The fourth ammendment states that people have a right to be secure in their homes. The forefathers were terrified of a government "for the people and by the people" becoming another tyranical governement such as they had just won independence from.
People generall do not know their constitutional rights and this causes problems, we could have several debates about each ammendment.


----------



## KenpoTex (Dec 8, 2004)

We've had several debates about this issue in the year or so that I've been on this board, but what the hell, here goes.

I believe that law abiding citizens should have the right to own pretty much any type of firearm they darn well please, including full-automatic weapons.  I feel that my position is "in line" with the original intent of the men who wrote the 2nd ammendment which, as Seig stated, was put into place to make sure that the government would not ever become the oppressive reigm that they had just spent several years fighting to get away from.  The 2nd Ammendment was not put in place to protect people's right to hunt ducks with granddaddy's shotgun, or for people to have a means of self-defense, those two functions were taken for granted.  Furthermore, I believe that waiting periods, permits, restrictions as to types of firearms (caliber, capacity or action type), and any type of registration/licensing are infringments upon our rights.  

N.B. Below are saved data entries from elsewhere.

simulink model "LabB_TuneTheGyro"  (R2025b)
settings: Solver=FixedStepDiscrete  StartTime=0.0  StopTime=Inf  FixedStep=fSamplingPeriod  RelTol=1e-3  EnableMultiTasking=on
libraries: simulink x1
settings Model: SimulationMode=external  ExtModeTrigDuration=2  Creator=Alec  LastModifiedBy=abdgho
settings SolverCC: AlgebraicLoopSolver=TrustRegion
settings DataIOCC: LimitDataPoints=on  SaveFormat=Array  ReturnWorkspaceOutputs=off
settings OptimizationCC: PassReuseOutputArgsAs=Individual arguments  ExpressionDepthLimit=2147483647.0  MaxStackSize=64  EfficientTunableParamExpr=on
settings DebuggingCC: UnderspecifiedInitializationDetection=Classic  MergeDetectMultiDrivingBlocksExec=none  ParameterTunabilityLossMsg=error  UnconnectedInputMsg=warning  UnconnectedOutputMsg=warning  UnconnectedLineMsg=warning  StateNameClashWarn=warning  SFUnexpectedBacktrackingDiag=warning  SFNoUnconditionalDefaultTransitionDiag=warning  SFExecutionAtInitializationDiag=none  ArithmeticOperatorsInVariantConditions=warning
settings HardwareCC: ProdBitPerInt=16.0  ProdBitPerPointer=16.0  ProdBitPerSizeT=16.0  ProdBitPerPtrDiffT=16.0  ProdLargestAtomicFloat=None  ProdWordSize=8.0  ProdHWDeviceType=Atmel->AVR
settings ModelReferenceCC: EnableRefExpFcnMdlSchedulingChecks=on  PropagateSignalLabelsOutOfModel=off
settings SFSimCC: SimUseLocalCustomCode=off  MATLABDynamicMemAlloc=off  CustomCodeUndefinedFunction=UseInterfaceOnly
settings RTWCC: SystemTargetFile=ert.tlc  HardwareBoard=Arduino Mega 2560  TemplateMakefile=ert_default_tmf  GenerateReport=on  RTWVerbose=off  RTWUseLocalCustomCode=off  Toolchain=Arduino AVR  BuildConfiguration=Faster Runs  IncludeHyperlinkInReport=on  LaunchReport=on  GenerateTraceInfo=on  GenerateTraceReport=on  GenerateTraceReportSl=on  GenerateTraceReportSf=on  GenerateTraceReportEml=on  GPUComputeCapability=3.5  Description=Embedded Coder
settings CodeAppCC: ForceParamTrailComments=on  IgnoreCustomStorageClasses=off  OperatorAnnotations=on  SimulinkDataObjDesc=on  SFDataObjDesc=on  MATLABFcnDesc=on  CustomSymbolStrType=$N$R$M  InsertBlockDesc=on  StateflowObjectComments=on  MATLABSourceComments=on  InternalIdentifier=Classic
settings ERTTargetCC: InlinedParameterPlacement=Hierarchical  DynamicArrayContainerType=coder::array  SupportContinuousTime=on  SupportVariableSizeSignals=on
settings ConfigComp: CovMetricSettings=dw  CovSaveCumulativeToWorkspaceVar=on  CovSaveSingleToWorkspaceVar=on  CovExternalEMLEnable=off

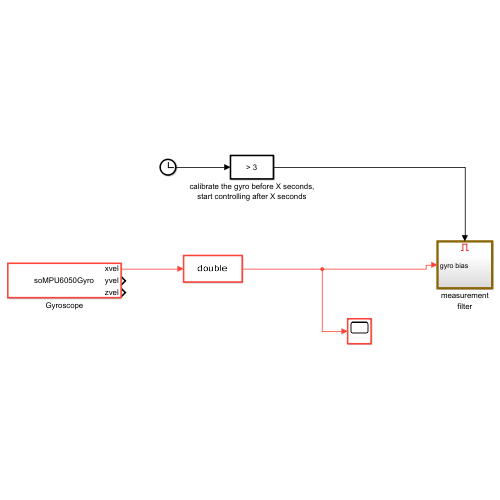
[thumbnail: Simulink's stored preview of the top-level diagram]
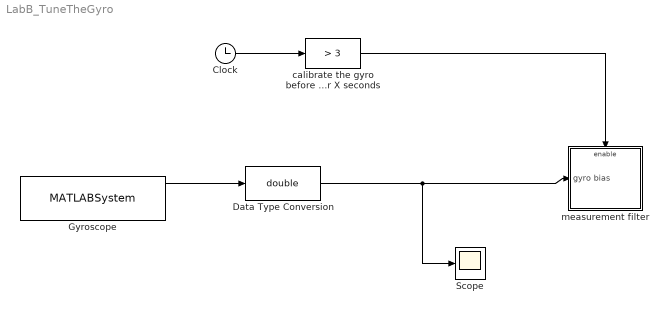
== system LabB_TuneTheGyro ==
  Clock : Clock
  Data Type Conversion : DataTypeConversion  OutDataTypeStr=double  SaturateOnIntegerOverflow=off  RndMeth=Floor
  Gyroscope : MATLABSystem  System=soMPU6050Gyro  DLPFmode=0
      mask Type: soMPU6050Gyro
  Scope : Scope
      settings: ActiveDisplayYMinimum=-1137.53125  ActiveDisplayYMaximum=653.84375  DataLoggingVariableName=gyroRawCalibration
  "calibrate the gyro before X seconds, start controlling after X seconds" : simulink/Logic and Bit Operations/Compare To Constant  relop=>  const=3  OutDataTypeStr=boolean
  measurement filter : Subsystem
  wires:
  Data Type Conversion/1 -> measurement filter/1(gyro bias), Scope/1
  Gyroscope/1 -> Data Type Conversion/1
  "calibrate the gyro before X seconds, start controlling after X seconds"/1 -> measurement filter/Enable
  Clock/1 -> "calibrate the gyro before X seconds, start controlling after X seconds"/1

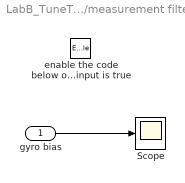
== system LabB_TuneTheGyro/measurement filter ==
  gyro bias : Inport
  "enable the code below only when the external boolean input is true " : EnablePort
  Scope : Scope
      settings: ActiveDisplayYMinimum=-17707.75  ActiveDisplayYMaximum=18119.75  DataLoggingVariableName=afGyroBias
  wires:
  gyro bias/1 -> Scope/1

Anyway, those are my thoughts in a nut-shell.  :mp5:


----------



## loki09789 (Dec 8, 2004)

Tulisan said:
			
		

> Oh...and for those of you curious, here is the actual wording of the 2nd amendment:
> 
> "Amendment II - Right to bear arms. Ratified 12/15/1791. Note
> 
> A well regulated Militia, being necessary to the security of a free State, the right of the people to keep and bear Arms, shall not be infringed."


I have no problem with background checks, registration of firearms, safety courses.....

I do have a problem with the thought that it is within your rights to own things like a .50 cal machine gun, tank, howitzer field piece unchecked, unregistered.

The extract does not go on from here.